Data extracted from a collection
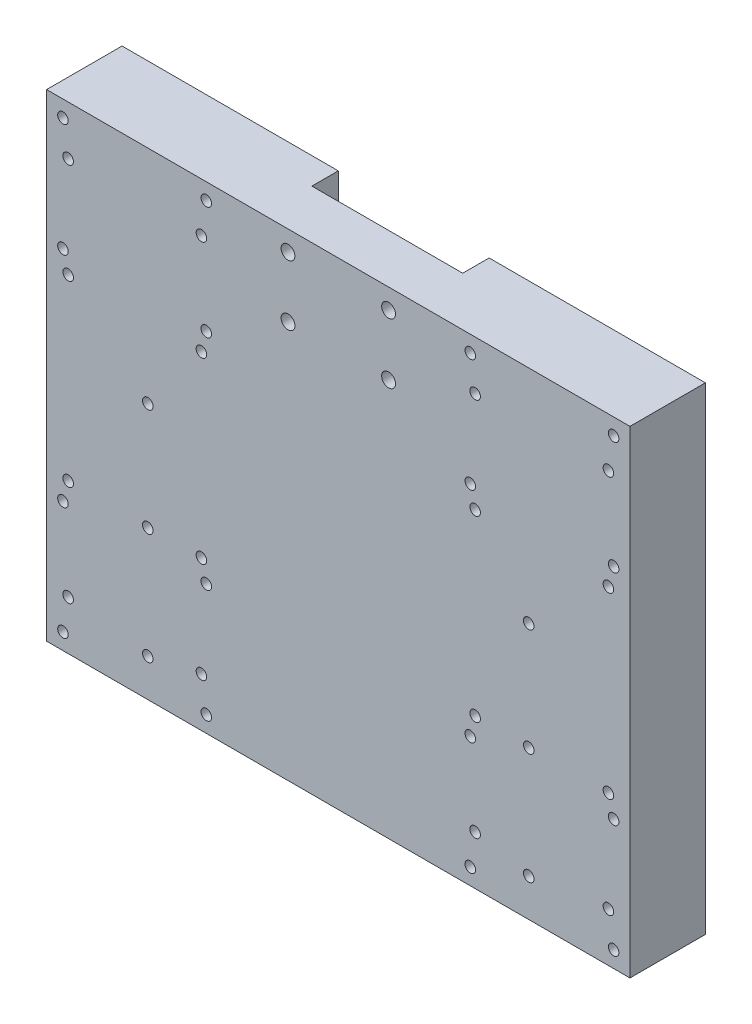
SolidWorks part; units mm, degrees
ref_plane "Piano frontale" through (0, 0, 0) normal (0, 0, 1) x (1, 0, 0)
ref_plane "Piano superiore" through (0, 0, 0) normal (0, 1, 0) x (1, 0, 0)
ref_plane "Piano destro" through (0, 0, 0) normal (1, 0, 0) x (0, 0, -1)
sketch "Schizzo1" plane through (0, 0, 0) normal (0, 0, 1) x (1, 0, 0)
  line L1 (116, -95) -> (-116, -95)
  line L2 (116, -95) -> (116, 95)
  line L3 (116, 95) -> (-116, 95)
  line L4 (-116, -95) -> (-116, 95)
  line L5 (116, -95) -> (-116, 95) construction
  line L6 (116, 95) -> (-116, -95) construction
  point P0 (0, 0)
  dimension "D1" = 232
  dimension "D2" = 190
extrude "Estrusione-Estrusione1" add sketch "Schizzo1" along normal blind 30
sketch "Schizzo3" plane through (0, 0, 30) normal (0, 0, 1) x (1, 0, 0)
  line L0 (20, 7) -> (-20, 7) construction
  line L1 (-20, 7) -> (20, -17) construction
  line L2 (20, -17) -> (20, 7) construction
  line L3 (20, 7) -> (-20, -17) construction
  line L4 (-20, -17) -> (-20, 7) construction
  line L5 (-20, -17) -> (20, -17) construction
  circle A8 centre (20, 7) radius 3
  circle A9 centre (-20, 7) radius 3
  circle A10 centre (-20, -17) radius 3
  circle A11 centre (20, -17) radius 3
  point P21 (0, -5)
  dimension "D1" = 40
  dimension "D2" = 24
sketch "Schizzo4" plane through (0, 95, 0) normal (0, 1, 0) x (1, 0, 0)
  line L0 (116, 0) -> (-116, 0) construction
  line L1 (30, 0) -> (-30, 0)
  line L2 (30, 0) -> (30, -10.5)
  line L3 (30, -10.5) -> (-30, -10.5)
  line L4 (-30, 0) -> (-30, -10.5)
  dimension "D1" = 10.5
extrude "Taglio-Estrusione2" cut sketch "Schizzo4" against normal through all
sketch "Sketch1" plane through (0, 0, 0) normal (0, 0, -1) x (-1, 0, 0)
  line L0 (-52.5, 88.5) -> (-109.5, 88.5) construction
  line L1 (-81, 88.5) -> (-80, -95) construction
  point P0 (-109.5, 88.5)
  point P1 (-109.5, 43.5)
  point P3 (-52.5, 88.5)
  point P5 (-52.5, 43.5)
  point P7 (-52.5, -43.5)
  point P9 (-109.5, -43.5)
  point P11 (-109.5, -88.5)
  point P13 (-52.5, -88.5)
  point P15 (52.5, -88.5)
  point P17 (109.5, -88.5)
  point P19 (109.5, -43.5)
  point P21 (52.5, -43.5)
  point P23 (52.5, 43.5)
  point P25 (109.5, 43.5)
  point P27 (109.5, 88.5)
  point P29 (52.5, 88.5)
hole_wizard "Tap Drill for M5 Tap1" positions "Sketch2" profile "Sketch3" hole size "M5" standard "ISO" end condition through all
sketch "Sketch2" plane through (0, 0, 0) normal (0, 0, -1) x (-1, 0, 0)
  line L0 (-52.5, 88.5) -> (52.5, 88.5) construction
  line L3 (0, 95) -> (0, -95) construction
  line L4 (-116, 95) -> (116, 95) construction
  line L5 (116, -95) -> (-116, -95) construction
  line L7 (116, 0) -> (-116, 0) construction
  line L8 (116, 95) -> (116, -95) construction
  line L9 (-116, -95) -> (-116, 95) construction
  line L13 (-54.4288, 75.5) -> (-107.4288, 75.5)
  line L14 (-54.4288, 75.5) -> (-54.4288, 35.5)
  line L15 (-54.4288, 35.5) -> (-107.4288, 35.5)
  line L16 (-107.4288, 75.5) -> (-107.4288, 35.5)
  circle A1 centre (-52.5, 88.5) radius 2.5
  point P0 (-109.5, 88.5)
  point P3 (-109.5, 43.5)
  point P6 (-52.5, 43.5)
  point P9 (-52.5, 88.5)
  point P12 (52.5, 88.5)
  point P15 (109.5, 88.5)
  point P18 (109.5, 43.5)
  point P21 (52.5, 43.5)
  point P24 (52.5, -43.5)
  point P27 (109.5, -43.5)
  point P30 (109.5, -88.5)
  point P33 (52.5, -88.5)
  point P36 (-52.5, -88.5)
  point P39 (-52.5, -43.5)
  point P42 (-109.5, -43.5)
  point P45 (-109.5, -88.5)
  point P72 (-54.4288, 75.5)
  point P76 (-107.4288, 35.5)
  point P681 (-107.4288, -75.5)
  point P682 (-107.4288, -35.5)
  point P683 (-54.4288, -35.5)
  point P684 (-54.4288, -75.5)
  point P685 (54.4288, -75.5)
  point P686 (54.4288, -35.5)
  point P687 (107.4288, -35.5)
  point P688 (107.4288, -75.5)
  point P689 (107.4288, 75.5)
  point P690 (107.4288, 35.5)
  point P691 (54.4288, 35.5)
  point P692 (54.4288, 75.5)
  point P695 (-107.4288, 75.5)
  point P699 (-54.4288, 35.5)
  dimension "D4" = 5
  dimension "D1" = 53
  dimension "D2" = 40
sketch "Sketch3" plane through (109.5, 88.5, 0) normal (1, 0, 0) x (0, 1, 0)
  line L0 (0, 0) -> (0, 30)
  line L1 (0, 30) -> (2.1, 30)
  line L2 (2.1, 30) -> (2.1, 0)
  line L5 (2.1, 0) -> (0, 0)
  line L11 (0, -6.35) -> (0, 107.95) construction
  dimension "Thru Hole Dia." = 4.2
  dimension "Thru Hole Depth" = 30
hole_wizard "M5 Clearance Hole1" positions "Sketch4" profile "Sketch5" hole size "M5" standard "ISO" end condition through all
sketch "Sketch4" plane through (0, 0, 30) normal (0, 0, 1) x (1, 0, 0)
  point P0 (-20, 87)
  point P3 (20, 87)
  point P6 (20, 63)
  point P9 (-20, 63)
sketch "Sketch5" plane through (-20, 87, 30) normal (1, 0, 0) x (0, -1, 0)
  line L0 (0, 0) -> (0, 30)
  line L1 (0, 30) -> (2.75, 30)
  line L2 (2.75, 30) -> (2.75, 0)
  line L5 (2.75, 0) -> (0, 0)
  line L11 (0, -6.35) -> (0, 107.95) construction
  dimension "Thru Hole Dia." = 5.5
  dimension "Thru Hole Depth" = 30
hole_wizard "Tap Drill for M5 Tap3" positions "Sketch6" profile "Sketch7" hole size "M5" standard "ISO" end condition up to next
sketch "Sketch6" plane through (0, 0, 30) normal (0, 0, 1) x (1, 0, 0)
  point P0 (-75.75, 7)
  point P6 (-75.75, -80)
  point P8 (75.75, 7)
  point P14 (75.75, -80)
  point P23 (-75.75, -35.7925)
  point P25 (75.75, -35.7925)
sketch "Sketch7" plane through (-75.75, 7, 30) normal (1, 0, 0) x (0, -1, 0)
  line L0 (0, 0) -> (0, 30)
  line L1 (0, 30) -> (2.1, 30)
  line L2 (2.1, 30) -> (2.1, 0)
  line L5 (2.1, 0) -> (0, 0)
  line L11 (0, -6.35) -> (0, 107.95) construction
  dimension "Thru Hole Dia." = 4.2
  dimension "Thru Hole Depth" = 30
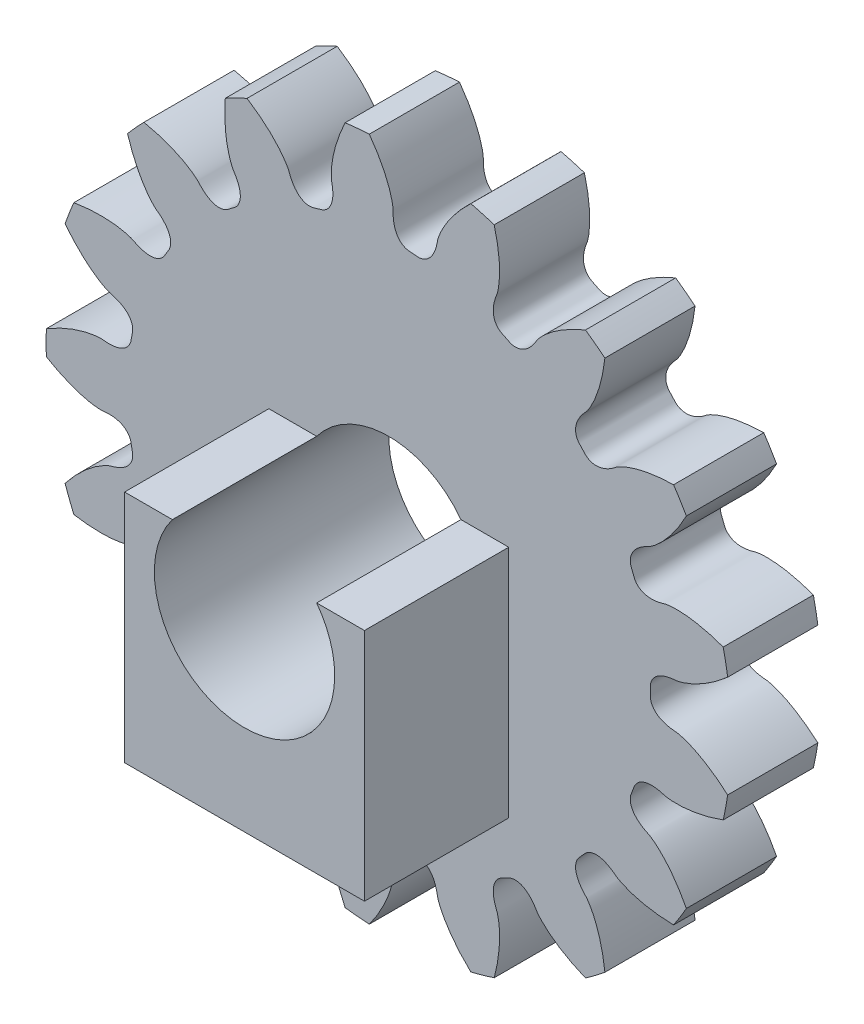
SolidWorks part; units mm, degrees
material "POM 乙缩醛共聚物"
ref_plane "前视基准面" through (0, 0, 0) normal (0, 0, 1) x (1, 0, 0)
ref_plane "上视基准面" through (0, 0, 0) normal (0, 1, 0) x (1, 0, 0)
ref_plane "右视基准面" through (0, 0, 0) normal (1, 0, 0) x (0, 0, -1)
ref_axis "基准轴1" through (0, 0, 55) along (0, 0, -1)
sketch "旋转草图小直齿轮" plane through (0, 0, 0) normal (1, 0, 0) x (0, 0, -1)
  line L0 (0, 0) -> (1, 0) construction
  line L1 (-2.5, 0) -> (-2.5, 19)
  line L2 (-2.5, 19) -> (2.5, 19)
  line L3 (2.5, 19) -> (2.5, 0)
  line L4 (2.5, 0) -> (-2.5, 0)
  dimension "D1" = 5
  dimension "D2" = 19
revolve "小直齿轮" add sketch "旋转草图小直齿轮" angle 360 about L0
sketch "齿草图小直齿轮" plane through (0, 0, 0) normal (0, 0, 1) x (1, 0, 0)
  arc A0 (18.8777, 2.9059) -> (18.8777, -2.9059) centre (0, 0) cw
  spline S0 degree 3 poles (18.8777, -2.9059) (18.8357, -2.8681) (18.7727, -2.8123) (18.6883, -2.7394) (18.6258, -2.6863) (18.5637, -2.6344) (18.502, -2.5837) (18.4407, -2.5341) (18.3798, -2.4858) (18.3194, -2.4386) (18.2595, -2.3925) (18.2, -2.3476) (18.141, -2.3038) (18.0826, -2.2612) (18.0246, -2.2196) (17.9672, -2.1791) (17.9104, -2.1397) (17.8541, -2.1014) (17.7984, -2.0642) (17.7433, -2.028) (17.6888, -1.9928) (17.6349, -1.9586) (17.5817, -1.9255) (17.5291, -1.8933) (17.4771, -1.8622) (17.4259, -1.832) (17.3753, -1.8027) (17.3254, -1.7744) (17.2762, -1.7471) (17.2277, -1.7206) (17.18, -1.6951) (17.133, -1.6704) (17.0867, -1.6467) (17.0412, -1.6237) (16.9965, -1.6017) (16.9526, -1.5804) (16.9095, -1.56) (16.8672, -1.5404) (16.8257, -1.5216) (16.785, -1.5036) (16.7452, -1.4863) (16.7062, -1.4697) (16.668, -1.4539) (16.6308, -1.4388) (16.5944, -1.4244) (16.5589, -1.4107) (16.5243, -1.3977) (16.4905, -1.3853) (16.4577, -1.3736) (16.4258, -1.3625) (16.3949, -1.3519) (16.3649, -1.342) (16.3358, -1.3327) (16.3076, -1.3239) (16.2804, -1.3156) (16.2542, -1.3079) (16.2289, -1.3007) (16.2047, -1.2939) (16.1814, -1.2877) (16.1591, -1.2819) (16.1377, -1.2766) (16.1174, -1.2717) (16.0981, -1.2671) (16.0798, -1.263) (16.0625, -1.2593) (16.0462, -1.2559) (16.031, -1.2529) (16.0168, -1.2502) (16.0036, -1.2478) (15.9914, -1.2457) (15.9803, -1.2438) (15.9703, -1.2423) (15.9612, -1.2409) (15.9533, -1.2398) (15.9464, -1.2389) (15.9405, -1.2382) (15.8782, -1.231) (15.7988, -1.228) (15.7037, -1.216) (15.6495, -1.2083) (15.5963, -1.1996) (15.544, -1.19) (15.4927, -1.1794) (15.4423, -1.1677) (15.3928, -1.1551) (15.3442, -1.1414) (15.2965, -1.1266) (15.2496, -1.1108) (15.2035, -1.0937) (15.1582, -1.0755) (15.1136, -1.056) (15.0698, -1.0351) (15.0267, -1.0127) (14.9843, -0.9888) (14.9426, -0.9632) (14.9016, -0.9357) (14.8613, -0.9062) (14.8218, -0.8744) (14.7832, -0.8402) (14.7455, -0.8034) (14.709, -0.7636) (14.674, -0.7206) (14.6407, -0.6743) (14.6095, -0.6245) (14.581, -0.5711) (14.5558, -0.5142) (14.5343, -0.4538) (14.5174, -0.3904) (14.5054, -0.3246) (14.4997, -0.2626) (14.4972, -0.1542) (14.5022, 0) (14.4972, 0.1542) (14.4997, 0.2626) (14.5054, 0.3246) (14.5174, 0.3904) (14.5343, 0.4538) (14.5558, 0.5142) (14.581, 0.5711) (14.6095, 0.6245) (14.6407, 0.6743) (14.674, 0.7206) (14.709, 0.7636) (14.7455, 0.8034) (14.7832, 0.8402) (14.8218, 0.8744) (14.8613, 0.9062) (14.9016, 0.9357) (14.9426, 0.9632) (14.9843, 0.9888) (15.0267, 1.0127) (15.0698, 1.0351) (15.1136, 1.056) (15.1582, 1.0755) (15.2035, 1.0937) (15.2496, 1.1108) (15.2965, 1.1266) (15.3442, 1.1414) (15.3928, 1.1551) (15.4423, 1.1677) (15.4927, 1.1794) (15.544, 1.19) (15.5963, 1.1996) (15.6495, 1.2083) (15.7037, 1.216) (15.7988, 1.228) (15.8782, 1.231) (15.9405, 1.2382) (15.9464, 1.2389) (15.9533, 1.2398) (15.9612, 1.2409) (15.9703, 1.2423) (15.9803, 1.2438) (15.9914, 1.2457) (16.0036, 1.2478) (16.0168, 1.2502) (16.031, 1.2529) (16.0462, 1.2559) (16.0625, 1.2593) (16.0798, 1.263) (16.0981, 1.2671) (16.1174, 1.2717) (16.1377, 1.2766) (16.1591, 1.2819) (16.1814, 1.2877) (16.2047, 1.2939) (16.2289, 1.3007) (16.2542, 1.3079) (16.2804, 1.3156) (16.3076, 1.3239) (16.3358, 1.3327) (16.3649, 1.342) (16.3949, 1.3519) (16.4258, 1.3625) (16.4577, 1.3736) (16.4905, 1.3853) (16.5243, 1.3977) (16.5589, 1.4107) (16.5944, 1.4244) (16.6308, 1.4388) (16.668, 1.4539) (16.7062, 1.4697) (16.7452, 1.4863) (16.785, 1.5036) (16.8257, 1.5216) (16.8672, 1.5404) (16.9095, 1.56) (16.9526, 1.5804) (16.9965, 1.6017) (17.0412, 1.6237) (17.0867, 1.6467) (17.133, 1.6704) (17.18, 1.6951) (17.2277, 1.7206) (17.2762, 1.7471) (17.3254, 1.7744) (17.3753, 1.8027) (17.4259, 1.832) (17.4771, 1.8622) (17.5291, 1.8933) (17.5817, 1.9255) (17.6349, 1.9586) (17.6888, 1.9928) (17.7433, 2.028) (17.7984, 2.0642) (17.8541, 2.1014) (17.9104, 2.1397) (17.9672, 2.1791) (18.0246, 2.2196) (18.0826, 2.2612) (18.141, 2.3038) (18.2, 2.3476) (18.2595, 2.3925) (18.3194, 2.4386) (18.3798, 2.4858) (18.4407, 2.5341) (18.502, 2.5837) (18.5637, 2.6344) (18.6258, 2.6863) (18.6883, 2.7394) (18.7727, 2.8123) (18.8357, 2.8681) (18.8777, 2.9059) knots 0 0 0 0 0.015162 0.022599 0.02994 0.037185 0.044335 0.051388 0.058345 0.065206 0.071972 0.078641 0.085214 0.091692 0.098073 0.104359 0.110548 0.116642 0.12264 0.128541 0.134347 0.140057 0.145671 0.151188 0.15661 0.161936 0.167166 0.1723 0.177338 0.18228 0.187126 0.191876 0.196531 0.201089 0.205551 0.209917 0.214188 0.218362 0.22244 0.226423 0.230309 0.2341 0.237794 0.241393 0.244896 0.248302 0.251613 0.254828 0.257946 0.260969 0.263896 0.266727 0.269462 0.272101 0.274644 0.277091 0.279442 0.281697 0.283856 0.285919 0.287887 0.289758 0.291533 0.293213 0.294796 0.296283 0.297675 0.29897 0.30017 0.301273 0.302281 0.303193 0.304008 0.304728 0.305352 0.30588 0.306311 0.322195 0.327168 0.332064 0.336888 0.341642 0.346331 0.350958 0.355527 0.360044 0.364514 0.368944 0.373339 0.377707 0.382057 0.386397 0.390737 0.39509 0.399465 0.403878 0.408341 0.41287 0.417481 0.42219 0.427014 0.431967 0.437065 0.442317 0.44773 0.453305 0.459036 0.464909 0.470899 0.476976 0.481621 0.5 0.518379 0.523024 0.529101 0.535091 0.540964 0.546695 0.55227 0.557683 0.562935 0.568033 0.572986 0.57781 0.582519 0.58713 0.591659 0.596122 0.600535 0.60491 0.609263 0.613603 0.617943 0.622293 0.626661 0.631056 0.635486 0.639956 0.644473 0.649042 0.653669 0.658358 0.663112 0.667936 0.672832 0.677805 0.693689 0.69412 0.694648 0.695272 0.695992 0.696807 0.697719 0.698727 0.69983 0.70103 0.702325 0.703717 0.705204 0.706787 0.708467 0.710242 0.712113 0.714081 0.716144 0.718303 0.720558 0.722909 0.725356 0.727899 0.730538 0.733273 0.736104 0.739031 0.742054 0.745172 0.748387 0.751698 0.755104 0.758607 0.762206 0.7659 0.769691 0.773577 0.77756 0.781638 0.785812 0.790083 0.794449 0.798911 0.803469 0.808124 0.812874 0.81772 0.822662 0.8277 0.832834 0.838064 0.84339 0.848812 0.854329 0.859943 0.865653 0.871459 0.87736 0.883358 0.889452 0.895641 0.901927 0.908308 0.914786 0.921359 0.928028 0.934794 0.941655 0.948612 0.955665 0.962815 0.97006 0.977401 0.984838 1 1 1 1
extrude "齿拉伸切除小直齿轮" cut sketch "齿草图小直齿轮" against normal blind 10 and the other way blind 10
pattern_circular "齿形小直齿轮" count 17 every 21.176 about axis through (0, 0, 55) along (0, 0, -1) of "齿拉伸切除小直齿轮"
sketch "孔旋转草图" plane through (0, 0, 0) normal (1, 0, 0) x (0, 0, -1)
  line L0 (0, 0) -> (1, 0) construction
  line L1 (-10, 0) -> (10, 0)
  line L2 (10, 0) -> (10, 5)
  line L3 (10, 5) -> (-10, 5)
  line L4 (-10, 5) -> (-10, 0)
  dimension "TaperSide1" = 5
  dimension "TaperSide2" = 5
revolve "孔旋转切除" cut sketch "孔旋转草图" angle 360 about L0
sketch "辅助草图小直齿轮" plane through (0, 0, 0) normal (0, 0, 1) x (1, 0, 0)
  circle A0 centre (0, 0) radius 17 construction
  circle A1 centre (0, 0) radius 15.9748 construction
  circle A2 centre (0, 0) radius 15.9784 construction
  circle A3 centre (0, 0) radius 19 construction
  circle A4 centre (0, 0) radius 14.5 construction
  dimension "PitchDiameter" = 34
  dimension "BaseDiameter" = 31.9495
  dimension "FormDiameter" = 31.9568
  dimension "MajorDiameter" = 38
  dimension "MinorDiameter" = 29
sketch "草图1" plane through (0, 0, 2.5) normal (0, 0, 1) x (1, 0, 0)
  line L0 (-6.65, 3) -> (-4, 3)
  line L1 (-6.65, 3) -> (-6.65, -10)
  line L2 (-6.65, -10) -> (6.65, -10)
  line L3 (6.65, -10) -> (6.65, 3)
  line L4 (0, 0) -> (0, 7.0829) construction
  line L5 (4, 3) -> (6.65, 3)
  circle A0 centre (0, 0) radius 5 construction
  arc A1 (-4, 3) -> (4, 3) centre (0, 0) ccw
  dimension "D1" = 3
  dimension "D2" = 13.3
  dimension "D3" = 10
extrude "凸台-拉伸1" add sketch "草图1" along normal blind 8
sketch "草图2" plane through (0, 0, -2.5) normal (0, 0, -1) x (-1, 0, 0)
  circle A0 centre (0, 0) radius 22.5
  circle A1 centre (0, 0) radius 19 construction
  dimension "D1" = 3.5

**About this task**
Please make an exact copy of the lines above from the line with "point P72 (-54.4288, 75.5)" through the line with "point P687 (107.4288, -35.5)", both ends included.

**Problem solution**
  point P72 (-54.4288, 75.5)
  point P76 (-107.4288, 35.5)
  point P681 (-107.4288, -75.5)
  point P682 (-107.4288, -35.5)
  point P683 (-54.4288, -35.5)
  point P684 (-54.4288, -75.5)
  point P685 (54.4288, -75.5)
  point P686 (54.4288, -35.5)
  point P687 (107.4288, -35.5)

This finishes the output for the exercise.